L’EPSO a plusieurs rôles. Premièrement, il coordonne et participe à des activités de recherche (public-privé) entre ses membres comme, par exemple, le Projet CHIC. Ce dernier, doté de 7,3 millions d’euros (dans le cadre d’un appel à projet de Horizon 2020) s’intéresse au développement de chicorées génétiquement modifiées [11]. Deuxièmement, l’EPSO organise des rencontres entre chercheurs et responsables politiques. CEO nous a appris que trois réunions ont ainsi eu lieu en 2019 et 2020 [12] afin d’« échanger des points de vue sur la situation actuelle de l’édition du génome en Europe et les prochaines étapes possibles pour permettre à l’Europe de mieux faire face au changement climatique, d’atteindre la sécurité alimentaire et nutritionnelle et d’établir une agriculture durable en Europe et dans le monde ». Ces discussions informelles se sont prolongées par la mise en place d’une mailing-list pour qu’EPSO puisse communiquer avec des responsables politiques et leur apporter une information utile. On lit ainsi dans les documents : « l’EPSO soutient une révision scientifique de la législation européenne actuelle établissant une évaluation des risques plus proportionnelle et basée sur les produits. L’EPSO souhaite également contribuer au débat sociétal sur l’édition du génome et communiquer de manière factuelle et accessible sur les sciences végétales innovantes et leur rôle sociétal » [13]. À noter que cette obligation de résultats et non de moyens, qui se rapproche des législations anglosaxones (dont États-Unis et Canada), est celle proposée au final dans l’étude de la Commission sur les nouvelles techniques. Troisièmement, l’EPSO et un des lobbys de l’industrie, EuropaBio, ont conjointement mis en place la plateforme technologique européenne (PTE) « Plantes pour le futur« [14] qui vise notamment à « aider à définir l’agenda de recherche de l’UE dans différents domaines ». Concrètement, PTE permet à quelques entreprises d’influencer l’agenda de recherche de l’UE en leur faveur, et de profiter ensuite des financements publics disponibles. On retrouve parmi les membres de cette plateforme Bayer, BASF, Vilmorin, Syngenta, Nestlé, Copa-Cogeca, etc.

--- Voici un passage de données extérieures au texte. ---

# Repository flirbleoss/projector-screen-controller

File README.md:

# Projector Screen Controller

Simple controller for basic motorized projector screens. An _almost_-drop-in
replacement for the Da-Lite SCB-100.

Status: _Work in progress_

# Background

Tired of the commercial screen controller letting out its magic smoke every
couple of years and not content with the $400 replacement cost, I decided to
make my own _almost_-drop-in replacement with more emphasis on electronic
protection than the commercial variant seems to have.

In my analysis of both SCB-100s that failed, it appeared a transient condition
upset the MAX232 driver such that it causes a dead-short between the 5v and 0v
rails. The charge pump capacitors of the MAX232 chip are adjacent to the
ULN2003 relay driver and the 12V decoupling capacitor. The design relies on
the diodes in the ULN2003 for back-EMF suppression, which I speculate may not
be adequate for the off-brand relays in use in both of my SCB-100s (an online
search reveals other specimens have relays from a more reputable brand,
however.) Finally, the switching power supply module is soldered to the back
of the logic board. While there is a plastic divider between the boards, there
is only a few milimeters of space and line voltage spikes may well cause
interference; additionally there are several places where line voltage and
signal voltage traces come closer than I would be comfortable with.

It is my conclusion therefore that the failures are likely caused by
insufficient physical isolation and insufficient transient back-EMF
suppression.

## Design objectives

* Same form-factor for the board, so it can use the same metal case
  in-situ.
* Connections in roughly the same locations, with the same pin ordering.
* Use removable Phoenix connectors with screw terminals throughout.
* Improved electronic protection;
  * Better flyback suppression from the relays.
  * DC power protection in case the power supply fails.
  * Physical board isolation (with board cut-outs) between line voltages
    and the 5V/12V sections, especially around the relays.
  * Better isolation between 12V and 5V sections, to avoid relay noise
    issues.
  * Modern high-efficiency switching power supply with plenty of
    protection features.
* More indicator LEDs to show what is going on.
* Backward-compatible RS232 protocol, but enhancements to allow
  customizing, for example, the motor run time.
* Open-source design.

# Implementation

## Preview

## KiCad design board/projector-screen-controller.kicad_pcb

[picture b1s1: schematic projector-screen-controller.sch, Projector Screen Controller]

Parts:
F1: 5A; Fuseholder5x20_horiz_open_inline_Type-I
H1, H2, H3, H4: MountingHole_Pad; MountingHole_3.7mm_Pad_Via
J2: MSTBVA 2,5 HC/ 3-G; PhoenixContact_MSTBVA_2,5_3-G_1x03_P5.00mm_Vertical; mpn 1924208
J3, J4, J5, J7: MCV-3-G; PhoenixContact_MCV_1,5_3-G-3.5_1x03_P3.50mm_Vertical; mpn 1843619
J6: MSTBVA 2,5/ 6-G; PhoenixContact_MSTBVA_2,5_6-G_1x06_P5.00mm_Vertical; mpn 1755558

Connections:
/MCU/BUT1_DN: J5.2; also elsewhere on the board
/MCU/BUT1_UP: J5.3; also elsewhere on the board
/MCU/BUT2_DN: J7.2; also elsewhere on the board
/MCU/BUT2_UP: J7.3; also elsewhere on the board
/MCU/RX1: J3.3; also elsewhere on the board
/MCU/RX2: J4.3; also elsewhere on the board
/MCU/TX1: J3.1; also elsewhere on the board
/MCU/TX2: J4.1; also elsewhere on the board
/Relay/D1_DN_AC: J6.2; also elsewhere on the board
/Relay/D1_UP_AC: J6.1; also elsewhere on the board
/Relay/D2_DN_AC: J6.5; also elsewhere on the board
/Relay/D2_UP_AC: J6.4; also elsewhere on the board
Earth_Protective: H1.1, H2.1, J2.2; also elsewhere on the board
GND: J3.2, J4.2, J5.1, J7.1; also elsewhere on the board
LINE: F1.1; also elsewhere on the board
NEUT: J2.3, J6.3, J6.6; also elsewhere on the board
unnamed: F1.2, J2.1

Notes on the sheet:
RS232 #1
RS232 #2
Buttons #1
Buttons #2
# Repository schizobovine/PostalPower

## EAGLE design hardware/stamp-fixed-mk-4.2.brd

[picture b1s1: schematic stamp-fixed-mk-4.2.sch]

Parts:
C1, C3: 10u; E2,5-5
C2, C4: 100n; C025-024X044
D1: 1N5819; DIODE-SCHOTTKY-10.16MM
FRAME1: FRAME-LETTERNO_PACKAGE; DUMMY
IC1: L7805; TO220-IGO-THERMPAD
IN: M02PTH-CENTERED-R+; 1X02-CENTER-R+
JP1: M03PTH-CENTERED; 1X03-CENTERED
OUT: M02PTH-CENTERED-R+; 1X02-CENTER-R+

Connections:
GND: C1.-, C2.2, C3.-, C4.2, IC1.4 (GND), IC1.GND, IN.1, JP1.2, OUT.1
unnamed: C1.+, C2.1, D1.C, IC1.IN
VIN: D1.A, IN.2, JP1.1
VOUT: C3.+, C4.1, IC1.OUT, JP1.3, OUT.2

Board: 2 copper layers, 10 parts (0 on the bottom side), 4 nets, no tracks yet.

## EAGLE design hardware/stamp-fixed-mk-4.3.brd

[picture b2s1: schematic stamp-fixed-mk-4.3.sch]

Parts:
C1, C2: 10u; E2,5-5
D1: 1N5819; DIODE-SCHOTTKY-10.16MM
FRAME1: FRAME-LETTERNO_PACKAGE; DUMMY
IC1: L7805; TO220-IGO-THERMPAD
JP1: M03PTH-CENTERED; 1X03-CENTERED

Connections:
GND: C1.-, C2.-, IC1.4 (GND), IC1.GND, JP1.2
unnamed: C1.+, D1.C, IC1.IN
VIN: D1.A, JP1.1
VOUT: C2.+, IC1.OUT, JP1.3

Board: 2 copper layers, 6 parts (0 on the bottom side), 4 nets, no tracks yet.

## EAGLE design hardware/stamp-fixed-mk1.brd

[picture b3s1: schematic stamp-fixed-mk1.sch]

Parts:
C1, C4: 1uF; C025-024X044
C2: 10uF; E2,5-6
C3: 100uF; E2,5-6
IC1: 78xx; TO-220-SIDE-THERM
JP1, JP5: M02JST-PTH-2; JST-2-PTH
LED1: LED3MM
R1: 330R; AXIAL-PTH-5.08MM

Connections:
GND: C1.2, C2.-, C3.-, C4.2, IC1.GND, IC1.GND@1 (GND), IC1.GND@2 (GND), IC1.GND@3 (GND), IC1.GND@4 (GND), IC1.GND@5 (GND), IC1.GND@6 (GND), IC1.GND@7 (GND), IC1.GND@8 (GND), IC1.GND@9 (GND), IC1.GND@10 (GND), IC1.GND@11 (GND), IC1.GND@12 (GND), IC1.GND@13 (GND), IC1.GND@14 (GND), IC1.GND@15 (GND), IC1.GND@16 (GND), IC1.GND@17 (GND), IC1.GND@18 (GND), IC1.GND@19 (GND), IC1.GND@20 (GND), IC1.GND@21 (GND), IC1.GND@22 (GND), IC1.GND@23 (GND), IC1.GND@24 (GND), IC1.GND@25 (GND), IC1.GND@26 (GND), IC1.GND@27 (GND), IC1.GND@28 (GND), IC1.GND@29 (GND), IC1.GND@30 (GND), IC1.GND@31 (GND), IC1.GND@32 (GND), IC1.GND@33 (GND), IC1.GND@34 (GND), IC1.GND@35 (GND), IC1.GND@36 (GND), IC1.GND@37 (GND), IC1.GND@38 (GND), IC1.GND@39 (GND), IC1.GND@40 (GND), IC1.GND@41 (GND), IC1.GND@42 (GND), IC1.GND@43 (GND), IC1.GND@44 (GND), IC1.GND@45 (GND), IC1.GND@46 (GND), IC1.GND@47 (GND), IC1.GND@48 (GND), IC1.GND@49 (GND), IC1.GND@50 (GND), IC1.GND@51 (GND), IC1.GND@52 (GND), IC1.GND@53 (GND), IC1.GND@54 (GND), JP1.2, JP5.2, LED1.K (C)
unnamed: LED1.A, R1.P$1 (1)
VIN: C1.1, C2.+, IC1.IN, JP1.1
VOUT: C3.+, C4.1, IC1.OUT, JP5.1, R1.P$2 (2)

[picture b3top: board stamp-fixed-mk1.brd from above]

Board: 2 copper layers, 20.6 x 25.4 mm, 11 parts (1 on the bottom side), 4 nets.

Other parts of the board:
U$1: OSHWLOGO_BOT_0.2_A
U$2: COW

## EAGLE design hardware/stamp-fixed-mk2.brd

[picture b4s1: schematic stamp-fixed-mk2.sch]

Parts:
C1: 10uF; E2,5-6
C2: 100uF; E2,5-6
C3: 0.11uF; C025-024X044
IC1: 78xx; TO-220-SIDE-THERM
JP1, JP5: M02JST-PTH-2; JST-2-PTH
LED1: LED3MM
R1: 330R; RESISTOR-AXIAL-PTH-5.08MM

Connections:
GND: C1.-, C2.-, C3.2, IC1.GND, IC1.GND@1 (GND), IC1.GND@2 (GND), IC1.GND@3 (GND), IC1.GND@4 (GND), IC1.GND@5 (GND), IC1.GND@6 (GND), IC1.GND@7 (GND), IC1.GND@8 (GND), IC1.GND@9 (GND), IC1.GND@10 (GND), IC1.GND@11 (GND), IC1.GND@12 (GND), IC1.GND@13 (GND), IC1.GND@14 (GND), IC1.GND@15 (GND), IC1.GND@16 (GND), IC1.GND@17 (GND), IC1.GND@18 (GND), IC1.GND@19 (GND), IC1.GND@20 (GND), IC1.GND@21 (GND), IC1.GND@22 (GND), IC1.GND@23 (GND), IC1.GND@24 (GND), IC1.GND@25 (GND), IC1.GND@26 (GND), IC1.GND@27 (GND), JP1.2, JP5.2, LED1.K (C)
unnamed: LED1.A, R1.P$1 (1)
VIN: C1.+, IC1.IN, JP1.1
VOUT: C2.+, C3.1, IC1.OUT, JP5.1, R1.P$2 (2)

Les thèmes récurrents des lobbyistes
Les trois axes de la communication des lobbyistes auprès de la Commission pour l’inciter à changer le cadre réglementaire sont : i) Les nouveaux OGM sont des outils formidables pour produire des variétés résilientes dans le cadre du changement climatique, et permettent de réduire l’usage des pesticides chimiques ; ii) si l’UE continue d’encadrer trop strictement les nouveaux OGM, l’économie (dont les PME) et la recherche européennes seront à la traîne du reste du monde ; et iii) il est impossible d’encadrer les nouveaux OGM étant donné qu’il est impossible de distinguer entre mutation naturelle et mutation induite. Cette rhétorique se retrouve dans de très nombreux échanges, déclarations ou notes que la Commission a reçus.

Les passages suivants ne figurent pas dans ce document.